Two more pics for now.... Targets will be going up in next week or so and we will photo some of the scenes to show what we are doing. 

This is the buffalo- close up and at 100.


----------



## Brian from GA (Apr 9, 2012)

looking for just the right orange paint to paint the 12 rings and we will be off and running on setting the course. Once we do I'll start photoing some of the scenes and posting the photos.


----------



## ScarletArrows (Apr 10, 2012)

This could be a fun one... 100 yards at a 4" orange dot...that's just a chip shot...  Sucks that is on our work day for the club and its such a long haul dunno if I will be able to make it, but I sure would like too.


----------



## Brian from GA (Apr 11, 2012)

One more thing I have been questioned on.... this is a casual start event. We will allow folks to shoot from 9AM Saturday until you think you can finish before dark and on Sunday from 9AM and you must be shooting stake 1 by 1PM since we want to have an award ceremony at 4ish. Now keep in mind that you need to have 3 to 4 shooters per target so if you are gonna show up late Saturday or even 1ish on Sunday you need to let us know so we can hold up a  group for you or you should make plans to meet a group at that time.


----------



## ScarletArrows (Apr 12, 2012)

where exactly in Shiloh?


----------



## Brian from GA (Apr 12, 2012)

Go to Mapquest and type in 2015 Mann Rd, SHiloh, GA in Maps. When it comes up change from Map to Satelite at the top right. The mobile home that belongs to the Clampetts at 2015 is directly across the road from our club driveway. The field with the long finger in it is our club. The buffalo at 100 yards is actually sitting in that finger field right now.


----------



## BlakeB (Apr 14, 2012)

Getting closer


----------



## Taylor Co. (Apr 15, 2012)

Y'all this sounds like as good of a time that can be had with a bow! Cannot wait for this one Brian! Thanks for all of your hard work. We are going to spread the word around here!!


----------



## Brian from GA (Apr 17, 2012)

Course is getting real close. We have to coordinate our work days around RBO's big 40 this weekend and Augusta the next but it appears we are getting close.


----------



## Brian from GA (Apr 19, 2012)

Here is the basic design for the trophy for first place in most of the adult classes. Open ($500 guaranteed prize money) will be different but we are working on it. Of course the trophy will have an archer on top not a baseball player but you get the gist. The 3 columns are 14" so entire trophy is 2' or so tall. Young Adult and Youth are smaller since there entry fee is so much less but nice none the less. 
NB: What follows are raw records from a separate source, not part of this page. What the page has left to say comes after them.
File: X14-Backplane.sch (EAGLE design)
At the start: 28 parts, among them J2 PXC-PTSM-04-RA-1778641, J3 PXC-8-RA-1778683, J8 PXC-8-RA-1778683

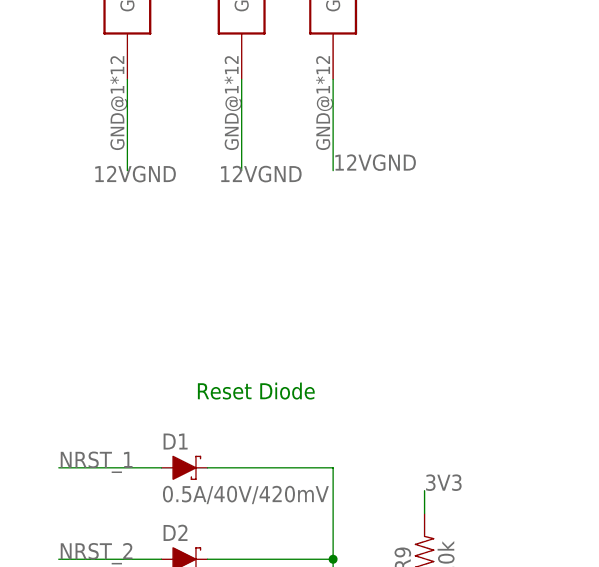
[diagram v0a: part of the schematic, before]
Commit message: added ESC adapter holes and some capacitors
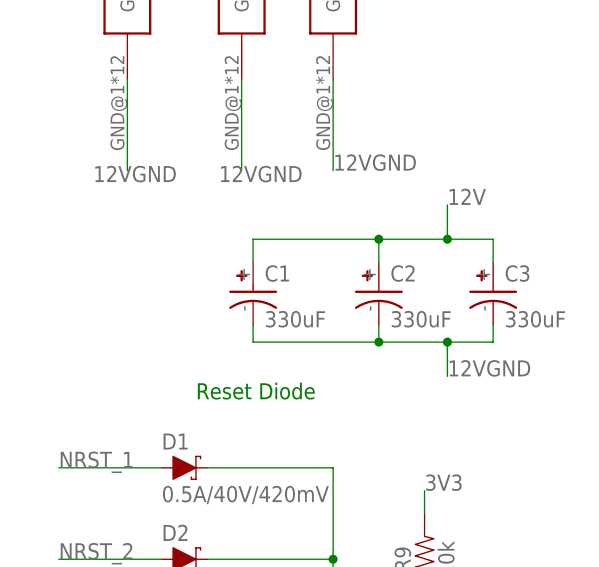
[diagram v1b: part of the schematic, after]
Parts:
- added C1, C2, C3: 330uF, CAP, aluminin-capacitor-brick-UCM1H331MNL1GS:UCM1H331MNL1GS
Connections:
- net 12V: now also C1.+, C2.+, C3.+
- net 12VGND: now also C1.-, C2.-, C3.-
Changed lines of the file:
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@@
 <part name="U$9" library="PI-SHIELD, Solenoid-Backplane" deviceset="7X_CONN" device=""/>
 <part name="U$10" library="CONN, DataConversion-Backplane Connector- SAMTEC CLT-107-01-F-D" deviceset="BACKPLANE-&gt;DATACONV" device=""/>
+<part name="C1" library="CAP, aluminin-capacitor-brick-UCM1H331MNL1GS" deviceset="UCM1H331MNL1GS" device="" package3d_urn="urn:adsk.eagle:package:24202090/2" value="330uF"/>
+<part name="C2" library="CAP, aluminin-capacitor-brick-UCM1H331MNL1GS" deviceset="UCM1H331MNL1GS" device="" package3d_urn="urn:adsk.eagle:package:24202090/2" value="330uF"/>
+<part name="C3" library="CAP, aluminin-capacitor-brick-UCM1H331MNL1GS" deviceset="UCM1H331MNL1GS" device="" package3d_urn="urn:adsk.eagle:package:24202090/2" value="330uF"/>
 </parts>
 <sheets>
@@
 <attribute name="NAME" x="38.1" y="-78.74" size="2.54" layer="95"/>
 </instance>
+<instance part="C1" gate="G$1" x="224.79" y="96.52" smashed="yes">
+<attribute name="NAME" x="226.06" y="97.79" size="1.778" layer="95" align="center-left"/>
+<attribute name="VALUE" x="226.06" y="92.71" size="1.778" layer="95" align="center-left"/>
+</instance>
+<instance part="C2" gate="G$1" x="238.76" y="96.52" smashed="yes">
+<attribute name="NAME" x="240.03" y="97.79" size="1.778" layer="95" align="center-left"/>
+<attribute name="VALUE" x="240.03" y="92.71" size="1.778" layer="95" align="center-left"/>
+</instance>
+<instance part="C3" gate="G$1" x="251.46" y="96.52" smashed="yes">
+<attribute name="NAME" x="252.73" y="97.79" size="1.778" layer="95" align="center-left"/>
+<attribute name="VALUE" x="252.73" y="92.71" size="1.778" layer="95" align="center-left"/>
+</instance>
 </instances>
 <busses>
@@
 <wire x1="233.68" y1="144.78" x2="233.68" y2="153.67" width="0.1524" layer="91"/>
 <label x="232.41" y="153.67" size="1.778" layer="95"/>
+</segment>
+<segment>
+<pinref part="C1" gate="G$1" pin="+"/>
+<wire x1="224.79" y1="99.06" x2="224.79" y2="101.6" width="0.1524" layer="91"/>
+<wire x1="224.79" y1="101.6" x2="238.76" y2="101.6" width="0.1524" layer="91"/>
+<pinref part="C2" gate="G$1" pin="+"/>
+<wire x1="238.76" y1="101.6" x2="238.76" y2="99.06" width="0.1524" layer="91"/>
+<wire x1="238.76" y1="101.6" x2="246.38" y2="101.6" width="0.1524" layer="91"/>
+<junction x="238.76" y="101.6"/>
+<pinref part="C3" gate="G$1" pin="+"/>
+<wire x1="246.38" y1="101.6" x2="251.46" y2="101.6" width="0.1524" layer="91"/>
+<wire x1="251.46" y1="101.6" x2="251.46" y2="99.06" width="0.1524" layer="91"/>
+<wire x1="246.38" y1="101.6" x2="246.38" y2="105.41" width="0.1524" layer="91"/>
+<junction x="246.38" y="101.6"/>
+<label x="246.38" y="105.41" size="1.778" layer="95"/>
 </segment>
 </net>
@@
 <label x="233.68" y="109.22" size="1.778" layer="95"/>
 </segment>
-</net>
+<segment>
+<pinref part="C1" gate="G$1" pin="-"/>
+<wire x1="224.79" y1="92.075" x2="224.79" y2="90.17" width="0.1524" layer="91"/>
+<wire x1="224.79" y1="90.17" x2="238.76" y2="90.17" width="0.1524" layer="91"/>
+<pinref part="C2" gate="G$1" pin="-"/>
+<wire x1="238.76" y1="90.17" x2="238.76" y2="92.075" width="0.1524" layer="91"/>
+<wire x1="238.76" y1="90.17" x2="246.38" y2="90.17" width="0.1524" layer="91"/>
+<junction x="238.76" y="90.17"/>
+<pinref part="C3" gate="G$1" pin="-"/>
+<wire x1="246.38" y1="90.17" x2="251.46" y2="90.17" width="0.1524" layer="91"/>
+<wire x1="251.46" y1="90.17" x2="251.46" y2="92.075" width="0.1524" layer="91"/>
+<wire x1="246.38" y1="90.17" x2="246.38" y2="86.36" width="0.1524" layer="91"/>
+<junction x="246.38" y="90.17"/>
+<label x="246.38" y="86.36" size="1.778" layer="95"/>
+</segment>
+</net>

Also I did not order a set for Women's Open yet since we very seldom have any Women's Open shooters. If you are a Women's Open shooter and plan to attend let me know so we can add it to the trophies. If some show up and we do not have one ready we will have it made post shoot.


----------



## hound dog (Apr 19, 2012)

Sounds fun


----------



## noviceshooter (Apr 23, 2012)

sounds like a very cool shoot, im looking forward to it


----------



## bonecollector56 (Apr 23, 2012)

See y'all there 100yds is a long ways to hit a 4in dot.


----------



## Brian from GA (Apr 23, 2012)

Blake cut the walk through trail tonight. I had to move the order on a couple or change the distance on a particular trail etc. 

Bennett Farms is becoming a petting zoo. Our pet flying squirrel watched me shoot a couple arrows and cooed (or whatever that sound was) at me while I walked by. The other critter is our slab lizard. Thing runs around and only stops to do pushups.


----------